Under this well-established law, it is clear that M.M.'s gifts of $72,000 to her children and their spouses were made on February 17 and 21, 2006. At any time during the period between when M.H. attempted to cash the CDs and when the bank allowed her to complete this transaction, M.M. could have changed her mind about transferring that money into her checking accounts and instead directed M.H. not to cash the CDs. Moreover, even after M.H. cashed the CDs and deposited the proceeds into M.M.'s checking account, M.M. could have stopped payment on the checks. N.J.S.A. 12A:4-303. The holder of a check does not have a right against the bank unless the bank has "accepted, certified or finally paid a particular item." N.J.S.A. 12A:4-303, Uniform Commercial Code Comment 7.
In arguing that she made her gifts prior to February 8, 2006, M.M. relies on N.J.A.C. 10:71-4.4, which lists resources that are "excludable" and "shall not be considered . . . in the determination of eligibility for participation in the Medicaid Only Program." N.J.A.C. 10:71-4.4(a). Specifically, she relies upon the exclusion for "[t]he value of resources which are not accessible to an individual through no fault of his or her own." N.J.A.C. 10:71-4.4(b)(6).
However, as noted by the Director, this regulation is not relevant to the determination of the beginning date of the penalty period mandated by 42 U.S.C.A. § 1396p(c)(1).
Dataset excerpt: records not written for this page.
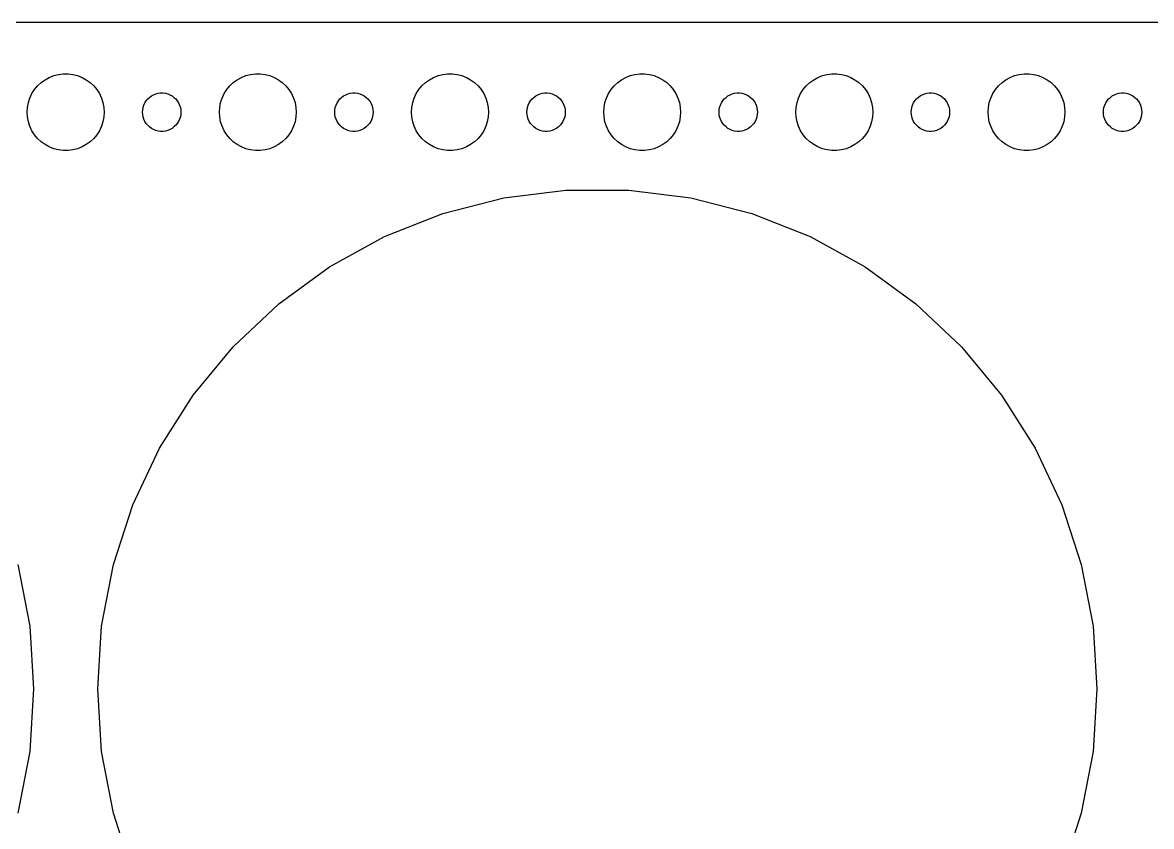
# Model space of a CAD drawing. Header units: metres. Extents: x -172 to 172, y -52 to 52.
# Drawn here: x -3.4 to 84.8, y -10.7 to 52 of the extents above; entities that cross this region are included whole.
import ezdxf

# ---------------------------------------------------------------- set-up
doc = ezdxf.new("R2010")
doc.units = ezdxf.units.M

msp = doc.modelspace()

# ---------------------------------------------------------------- linework, layer by layer
for p, q in [((167.314, 51.9901), (-167.314, 51.9901)), ((-1.60747, 47.533), (-1.27733, 47.7145)), ((-1.27733, 47.7145), (-0.92705, 47.8532)), ((-0.92705, 47.8532), (-0.56213, 47.9469)), ((-0.56213, 47.9469), (-0.18837, 47.9941)), ((-0.18837, 47.9941), (0.18837, 47.9941)), ((0.18837, 47.9941), (0.56213, 47.9469)), ((0.56213, 47.9469), (0.92705, 47.8532)), ((0.92705, 47.8532), (1.27733, 47.7145)), ((1.27733, 47.7145), (1.60747, 47.533)), ((13.3925, 47.533), (13.7227, 47.7145)), ((13.7227, 47.7145), (14.0729, 47.8532)), ((14.0729, 47.8532), (14.4379, 47.9469)), ((14.4379, 47.9469), (14.8116, 47.9941)), ((14.8116, 47.9941), (15.1884, 47.9941)), ((15.1884, 47.9941), (15.5621, 47.9469)), ((15.5621, 47.9469), (15.927, 47.8532)), ((15.927, 47.8532), (16.2773, 47.7145)), ((16.2773, 47.7145), (16.6075, 47.533)), ((28.3925, 47.533), (28.7227, 47.7145)), ((28.7227, 47.7145), (29.0729, 47.8532)), ((29.0729, 47.8532), (29.4379, 47.9469)), ((29.4379, 47.9469), (29.8116, 47.9941)), ((29.8116, 47.9941), (30.1884, 47.9941)), ((30.1884, 47.9941), (30.5621, 47.9469)), ((30.5621, 47.9469), (30.927, 47.8532)), ((30.927, 47.8532), (31.2773, 47.7145)), ((31.2773, 47.7145), (31.6075, 47.533)), ((43.3925, 47.533), (43.7227, 47.7145)), ((43.7227, 47.7145), (44.0729, 47.8532)), ((44.0729, 47.8532), (44.4379, 47.9469)), ((44.4379, 47.9469), (44.8116, 47.9941)), ((44.8116, 47.9941), (45.1884, 47.9941)), ((45.1884, 47.9941), (45.5621, 47.9469)), ((45.5621, 47.9469), (45.927, 47.8532)), ((45.927, 47.8532), (46.2773, 47.7145)), ((46.2773, 47.7145), (46.6075, 47.533)), ((58.3925, 47.533), (58.7227, 47.7145)), ((58.7227, 47.7145), (59.0729, 47.8532)), ((59.0729, 47.8532), (59.4379, 47.9469)), ((59.4379, 47.9469), (59.8116, 47.9941)), ((59.8116, 47.9941), (60.1884, 47.9941)), ((60.1884, 47.9941), (60.5621, 47.9469)), ((60.5621, 47.9469), (60.927, 47.8532)), ((60.927, 47.8532), (61.2773, 47.7145)), ((61.2773, 47.7145), (61.6075, 47.533)), ((73.3925, 47.533), (73.7227, 47.7145)), ((73.7227, 47.7145), (74.073, 47.8532)), ((74.073, 47.8532), (74.4379, 47.9469)), ((74.4379, 47.9469), (74.8116, 47.9941)), ((74.8116, 47.9941), (75.1884, 47.9941)), ((75.1884, 47.9941), (75.5621, 47.9469)), ((75.5621, 47.9469), (75.927, 47.8532)), ((75.927, 47.8532), (76.2773, 47.7145)), ((76.2773, 47.7145), (76.6075, 47.533)), ((-2.62891, 46.4453), (-2.42705, 46.7634)), ((-2.42705, 46.7634), (-2.1869, 47.0536)), ((-2.1869, 47.0536), (-1.91226, 47.3115)), ((-1.91226, 47.3115), (-1.60747, 47.533)), ((1.60747, 47.533), (1.91226, 47.3115)), ((1.91226, 47.3115), (2.1869, 47.0536)), ((2.1869, 47.0536), (2.42705, 46.7634)), ((2.42705, 46.7634), (2.62891, 46.4453)), ((12.3711, 46.4453), (12.5729, 46.7634)), ((12.5729, 46.7634), (12.8131, 47.0536)), ((12.8131, 47.0536), (13.0877, 47.3115)), ((13.0877, 47.3115), (13.3925, 47.533)), ((16.6075, 47.533), (16.9123, 47.3115)), ((16.9123, 47.3115), (17.1869, 47.0536)), ((17.1869, 47.0536), (17.427, 46.7634)), ((17.427, 46.7634), (17.6289, 46.4453)), ((27.3711, 46.4453), (27.5729, 46.7634)), ((27.5729, 46.7634), (27.8131, 47.0536)), ((27.8131, 47.0536), (28.0877, 47.3115)), ((28.0877, 47.3115), (28.3925, 47.533)), ((31.6075, 47.533), (31.9123, 47.3115)), ((31.9123, 47.3115), (32.1869, 47.0536)), ((32.1869, 47.0536), (32.427, 46.7634)), ((32.427, 46.7634), (32.6289, 46.4453)), ((42.3711, 46.4453), (42.5729, 46.7634)), ((42.5729, 46.7634), (42.8131, 47.0536)), ((42.8131, 47.0536), (43.0877, 47.3115)), ((43.0877, 47.3115), (43.3925, 47.533)), ((46.6075, 47.533), (46.9123, 47.3115)), ((46.9123, 47.3115), (47.1869, 47.0536)), ((47.1869, 47.0536), (47.427, 46.7634)), ((47.427, 46.7634), (47.6289, 46.4453)), ((57.3711, 46.4453), (57.5729, 46.7634)), ((57.5729, 46.7634), (57.8131, 47.0536)), ((57.8131, 47.0536), (58.0877, 47.3115)), ((58.0877, 47.3115), (58.3925, 47.533)), ((61.6075, 47.533), (61.9123, 47.3115)), ((61.9123, 47.3115), (62.1869, 47.0536)), ((62.1869, 47.0536), (62.427, 46.7634)), ((62.427, 46.7634), (62.6289, 46.4453)), ((72.3711, 46.4453), (72.573, 46.7634)), ((72.573, 46.7634), (72.8131, 47.0536)), ((72.8131, 47.0536), (73.0877, 47.3115)), ((73.0877, 47.3115), (73.3925, 47.533)), ((76.6075, 47.533), (76.9123, 47.3115)), ((76.9123, 47.3115), (77.1869, 47.0536)), ((77.1869, 47.0536), (77.427, 46.7634)), ((77.427, 46.7634), (77.6289, 46.4453)), ((-2.90575, 45.7461), (-2.78932, 46.1044)), ((-2.78932, 46.1044), (-2.62891, 46.4453)), ((2.62891, 46.4453), (2.78932, 46.1044)), ((2.78932, 46.1044), (2.90575, 45.7461)), ((6.18553, 45.7226), (6.28647, 45.8817)), ((6.28647, 45.8817), (6.40654, 46.0268)), ((6.40654, 46.0268), (6.54385, 46.1558)), ((6.54385, 46.1558), (6.69626, 46.2665)), ((6.69626, 46.2665), (6.86133, 46.3572)), ((6.86133, 46.3572), (7.03647, 46.4266)), ((7.03647, 46.4266), (7.21892, 46.4734)), ((7.21892, 46.4734), (7.40581, 46.497)), ((7.40581, 46.497), (7.59418, 46.497)), ((7.59418, 46.497), (7.78107, 46.4734)), ((7.78107, 46.4734), (7.96352, 46.4266)), ((7.96352, 46.4266), (8.13866, 46.3572)), ((8.13866, 46.3572), (8.30373, 46.2665)), ((8.30373, 46.2665), (8.45613, 46.1558)), ((8.45613, 46.1558), (8.59344, 46.0268)), ((8.59344, 46.0268), (8.71352, 45.8817)), ((8.71352, 45.8817), (8.81445, 45.7226)), ((12.0942, 45.7461), (12.2107, 46.1044)), ((12.2107, 46.1044), (12.3711, 46.4453)), ((17.6289, 46.4453), (17.7893, 46.1044)), ((17.7893, 46.1044), (17.9057, 45.7461)), ((21.1855, 45.7226), (21.2865, 45.8817)), ((21.2865, 45.8817), (21.4065, 46.0268)), ((21.4065, 46.0268), (21.5439, 46.1558)), ((21.5439, 46.1558), (21.6963, 46.2665)), ((21.6963, 46.2665), (21.8613, 46.3572)), ((21.8613, 46.3572), (22.0365, 46.4266)), ((22.0365, 46.4266), (22.2189, 46.4734)), ((22.2189, 46.4734), (22.4058, 46.497)), ((22.4058, 46.497), (22.5942, 46.497)), ((22.5942, 46.497), (22.7811, 46.4734)), ((22.7811, 46.4734), (22.9635, 46.4266)), ((22.9635, 46.4266), (23.1387, 46.3572)), ((23.1387, 46.3572), (23.3037, 46.2665)), ((23.3037, 46.2665), (23.4561, 46.1558)), ((23.4561, 46.1558), (23.5934, 46.0268)), ((23.5934, 46.0268), (23.7135, 45.8817)), ((23.7135, 45.8817), (23.8145, 45.7226)), ((27.0942, 45.7461), (27.2107, 46.1044)), ((27.2107, 46.1044), (27.3711, 46.4453)), ((32.6289, 46.4453), (32.7893, 46.1044)), ((32.7893, 46.1044), (32.9057, 45.7461)), ((36.1855, 45.7226), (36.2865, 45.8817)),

N.J.A.C. 10:71-4.4(a) specifically states that it is a list of resources that must be excluded when determining "eligibility for participation in the Medicaid Only Program." This initial eligibility determination, during which a County board examines an applicant's resources and income and compares them to the eligibility standards set forth in N.J.A.C. 10:71-4.5 and -5.6, is separate from the determination whether a transfer penalty must be imposed and the period of that penalty. This is indicated by New Jersey's asset transfer regulations, which track the federal penalty statute and provide that "[r]esources, for the purpose of asset transfer, shall include all resources, both included and excluded," N.J.A.C. 10:71-4.10(b)(4), and that the penalty provision "shall apply whether or not [an] asset would have been considered excluded or exempt at the time of its disposal or transfer." N.J.A.C. 10:71-4.10(d).
Similarly, our decision in I.L. v. N.J. Dep't of Human Servs., 389 N.J. Super. 354, 362-66 (App. Div. 2006), upon which M.M. relies, was concerned solely with whether the cash surrender value of a life insurance was an excludable resource within the intent of N.J.A.C. 10:71-4.4(b)(6). I.L. did not involve the determination of the penalty period mandated by 42 U.S.C.A. § 1396p(c)(1) when a Medicaid applicant has transferred assets for less than fair market value during the look-back period.
Therefore, the Director of the DMAHS correctly determined that M.M. did not transfer the $72,000 in assets represented by the eight checks she wrote to her children and their spouses until after the February 8, 2006 effective date of the DRA and for that reason the beginning date of M.M.'s penalty period under 42 U.S.C.A. § 1396p(c)(1)(D)(ii) was November 1, 2007, that is, the date on which she would otherwise have been eligible to receive full Medicaid benefits.